# Real-Repo Benchmark Tasks
This directory contains repo-local benchmark examples and replay inputs.
Real-repo benchmarks are modeled as issue-driven operator assignments:
- Runner input is built from a shared issue template, not from a task-specific long prompt body.
- The template tells agents to use `gh` to inspect the issue and related GitHub context.
- Verification and scope rules remain defined in manifest metadata, with `evaluation.scope_policy` used during result scoring.
- Exact verifier commands remain benchmark-only and are not injected verbatim into the runner prompt.
- `benchmark.mode` distinguishes `live` from `replay`.

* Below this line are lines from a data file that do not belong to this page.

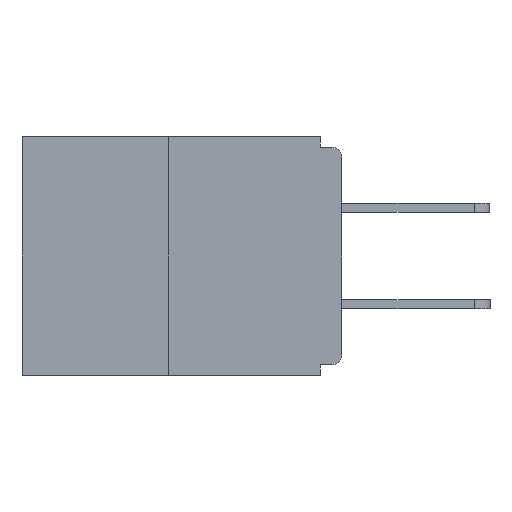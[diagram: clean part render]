
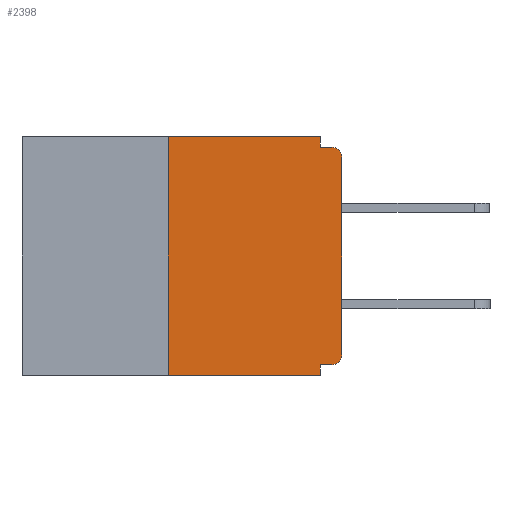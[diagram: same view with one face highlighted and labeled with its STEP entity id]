
A CAD part, left-side view. The second image highlights one B-rep face of the part: STEP entity #2398.
In plain terms, the highlighted planar face has unit normal (-1, 0, 0).
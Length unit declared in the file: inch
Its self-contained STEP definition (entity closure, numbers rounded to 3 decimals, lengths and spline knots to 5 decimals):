
#253 = AXIS2_PLACEMENT_3D ( 'NONE', #6340, #408, #3397 ) ;
#408 = DIRECTION ( 'NONE',  ( -1., 0., 0. ) ) ;
#642 = CIRCLE ( 'NONE', #12579, 0.015 ) ;
#819 = CARTESIAN_POINT ( 'NONE',  ( 0., 0.031, 0. ) ) ;
#1021 = LINE ( 'NONE', #1062, #7404 ) ;
#1042 = LINE ( 'NONE', #5733, #3551 ) ;
#1062 = CARTESIAN_POINT ( 'NONE',  ( 0., 0.46, -0.343 ) ) ;
#1203 = VERTEX_POINT ( 'NONE', #13547 ) ;
#1454 = EDGE_LOOP ( 'NONE', ( #18398, #4861, #13298, #6522, #1468, #2295, #12631, #18272, #8420, #9148 ) ) ;
#1468 = ORIENTED_EDGE ( 'NONE', *, *, #7063, .F. ) ;
#1847 = EDGE_CURVE ( 'NONE', #4783, #18169, #6994, .T. ) ;
#2033 = CIRCLE ( 'NONE', #253, 0.015 ) ;
#2295 = ORIENTED_EDGE ( 'NONE', *, *, #7157, .T. ) ;
#2398 = ADVANCED_FACE ( 'NONE', ( #10387 ), #10722, .F. ) ;
#2535 = VECTOR ( 'NONE', #4798, 39.37008 ) ;
#2571 = DIRECTION ( 'NONE',  ( 0., 0., -1. ) ) ;
#3120 = EDGE_CURVE ( 'NONE', #13881, #7660, #1021, .T. ) ;
#3168 = CARTESIAN_POINT ( 'NONE',  ( 0., 0.46, 0. ) ) ;
#3397 = DIRECTION ( 'NONE',  ( 0., 0., -1. ) ) ;
#3551 = VECTOR ( 'NONE', #6034, 39.37008 ) ;
#3755 = LINE ( 'NONE', #6098, #18795 ) ;
#4130 = VERTEX_POINT ( 'NONE', #11781 ) ;
#4276 = VECTOR ( 'NONE', #2571, 39.37008 ) ;
#4433 = VERTEX_POINT ( 'NONE', #13229 ) ;
#4542 = DIRECTION ( 'NONE',  ( 0., -1., 0. ) ) ;
#4783 = VERTEX_POINT ( 'NONE', #819 ) ;
#4798 = DIRECTION ( 'NONE',  ( 0., 0., -1. ) ) ;
#4861 = ORIENTED_EDGE ( 'NONE', *, *, #8785, .F. ) ;
#4917 = CARTESIAN_POINT ( 'NONE',  ( 0., 0.25, 0. ) ) ;
#4918 = CARTESIAN_POINT ( 'NONE',  ( 0., 0.031, -0.343 ) ) ;
#4952 = DIRECTION ( 'NONE',  ( 0., -1., 0. ) ) ;
#5733 = CARTESIAN_POINT ( 'NONE',  ( 0., 0.25, 0. ) ) ;
#6034 = DIRECTION ( 'NONE',  ( 0., 0., 1. ) ) ;
#6098 = CARTESIAN_POINT ( 'NONE',  ( 0., 0.46, 0. ) ) ;
#6340 = CARTESIAN_POINT ( 'NONE',  ( 0., 0.015, -0.313 ) ) ;
#6522 = ORIENTED_EDGE ( 'NONE', *, *, #11760, .F. ) ;
#6994 = LINE ( 'NONE', #18425, #4276 ) ;
#7063 = EDGE_CURVE ( 'NONE', #4130, #9246, #15682, .T. ) ;
#7157 = EDGE_CURVE ( 'NONE', #4130, #12617, #2033, .T. ) ;
#7290 = CARTESIAN_POINT ( 'NONE',  ( 0., 0., -0.313 ) ) ;
#7404 = VECTOR ( 'NONE', #4542, 39.37008 ) ;
#7660 = VERTEX_POINT ( 'NONE', #4918 ) ;
#7762 = EDGE_CURVE ( 'NONE', #4433, #1203, #642, .T. ) ;
#7983 = VECTOR ( 'NONE', #11754, 39.37008 ) ;
#8420 = ORIENTED_EDGE ( 'NONE', *, *, #18076, .F. ) ;
#8785 = EDGE_CURVE ( 'NONE', #13881, #10492, #1042, .T. ) ;
#8876 = EDGE_CURVE ( 'NONE', #10492, #4783, #3755, .T. ) ;
#8909 = CARTESIAN_POINT ( 'NONE',  ( 0., 0.031, -0.328 ) ) ;
#9148 = ORIENTED_EDGE ( 'NONE', *, *, #1847, .F. ) ;
#9246 = VERTEX_POINT ( 'NONE', #8909 ) ;
#10307 = AXIS2_PLACEMENT_3D ( 'NONE', #3168, #13361, #15146 ) ;
#10387 = FACE_OUTER_BOUND ( 'NONE', #1454, .T. ) ;
#10473 = CARTESIAN_POINT ( 'NONE',  ( 0., 0., 0. ) ) ;
#10492 = VERTEX_POINT ( 'NONE', #4917 ) ;
#10500 = CARTESIAN_POINT ( 'NONE',  ( 0., 0.031, -0.343 ) ) ;
#10722 = PLANE ( 'NONE',  #10307 ) ;
#11116 = DIRECTION ( 'NONE',  ( 0., 0., -1. ) ) ;
#11754 = DIRECTION ( 'NONE',  ( 0., 1., 0. ) ) ;
#11760 = EDGE_CURVE ( 'NONE', #9246, #7660, #18709, .T. ) ;
#11781 = CARTESIAN_POINT ( 'NONE',  ( 0., 0.015, -0.328 ) ) ;
#12554 = LINE ( 'NONE', #13204, #13669 ) ;
#12579 = AXIS2_PLACEMENT_3D ( 'NONE', #13971, #13859, #11116 ) ;
#12617 = VERTEX_POINT ( 'NONE', #7290 ) ;
#12631 = ORIENTED_EDGE ( 'NONE', *, *, #14380, .T. ) ;
#13003 = VECTOR ( 'NONE', #17464, 39.37008 ) ;
#13204 = CARTESIAN_POINT ( 'NONE',  ( 0., 0., -0.015 ) ) ;
#13229 = CARTESIAN_POINT ( 'NONE',  ( 0., 0., -0.03 ) ) ;
#13298 = ORIENTED_EDGE ( 'NONE', *, *, #3120, .T. ) ;
#13361 = DIRECTION ( 'NONE',  ( 1., 0., 0. ) ) ;
#13454 = CARTESIAN_POINT ( 'NONE',  ( 0., 0., -0.328 ) ) ;
#13547 = CARTESIAN_POINT ( 'NONE',  ( 0., 0.015, -0.015 ) ) ;
#13669 = VECTOR ( 'NONE', #16104, 39.37008 ) ;
#13859 = DIRECTION ( 'NONE',  ( -1., 0., 0. ) ) ;
#13881 = VERTEX_POINT ( 'NONE', #17176 ) ;
#13971 = CARTESIAN_POINT ( 'NONE',  ( 0., 0.015, -0.03 ) ) ;
#14365 = LINE ( 'NONE', #10473, #13003 ) ;
#14380 = EDGE_CURVE ( 'NONE', #12617, #4433, #14365, .T. ) ;
#15146 = DIRECTION ( 'NONE',  ( 0., 0., -1. ) ) ;
#15682 = LINE ( 'NONE', #13454, #7983 ) ;
#16104 = DIRECTION ( 'NONE',  ( 0., -1., 0. ) ) ;
#17176 = CARTESIAN_POINT ( 'NONE',  ( 0., 0.25, -0.343 ) ) ;
#17464 = DIRECTION ( 'NONE',  ( 0., 0., 1. ) ) ;
#17828 = CARTESIAN_POINT ( 'NONE',  ( 0., 0.031, -0.015 ) ) ;
#18076 = EDGE_CURVE ( 'NONE', #18169, #1203, #12554, .T. ) ;
#18169 = VERTEX_POINT ( 'NONE', #17828 ) ;
#18272 = ORIENTED_EDGE ( 'NONE', *, *, #7762, .T. ) ;
#18398 = ORIENTED_EDGE ( 'NONE', *, *, #8876, .F. ) ;
#18425 = CARTESIAN_POINT ( 'NONE',  ( 0., 0.031, 0. ) ) ;
#18709 = LINE ( 'NONE', #10500, #2535 ) ;
#18795 = VECTOR ( 'NONE', #4952, 39.37008 ) ;

- `evaluation.scope_policy` defaults to a diagnostic metric when set to `soft`, and only becomes a hard failure for constrained tasks when set to `hard`.
- `evaluation.expected_outcome` defines whether a task requires a diff, expects a grounded no-op, or allows either.
- Suite `pr` config defines publish behavior structurally:
- `submit_pr`
- `draft_pr`
- `push_branch`
- The runner renders PR policy into natural language in the issue template.
- Live head-to-head runs currently compare:
- `holon-openai`
- `codex-openai`
- These two runners are executed in parallel for each task; tasks themselves still advance in suite order.
- `holon-openai` live benchmark runs now set `HOLON_DISABLE_PROVIDER_FALLBACK=1` so deterministic live comparisons do not silently switch to a fallback provider/model.
- Codex live runs now use the configured or default shared `CODEX_HOME`/user environment by default rather than an isolated benchmark-specific home.
Live head-to-head benchmark tasks are intentionally kept outside the tested repository so agents cannot recover the task goal by reading benchmark manifests from the workspace. In this environment they live under:
- `workspace/projects/holon-run/holon/benchmarks/`
Repo-local layout:
- `tasks/<task_id>.yaml`
- `suites/<suite_id>.yaml`
Use:
```bash
node benchmark/run.mjs validate-manifest --manifest benchmarks/tasks/holon-0015-tool-guidance-registry.yaml
node benchmark/run.mjs real --manifest /absolute/path/to/workspace/projects/holon-run/holon/benchmarks/tasks/holon-0050-runtime-result-closure.yaml --runner holon-openai --runner codex-openai --label bench-live-0050
node benchmark/run.mjs suite --suite benchmarks/suites/openai-phase1.local.yaml --label bench-openai-phase1
```
To push benchmark branches and create draft PRs, either:
- set `pr.submit_pr: true` and `pr.draft_pr: true` in the suite file, or
- override on the CLI with `--push-branch --github-pr`.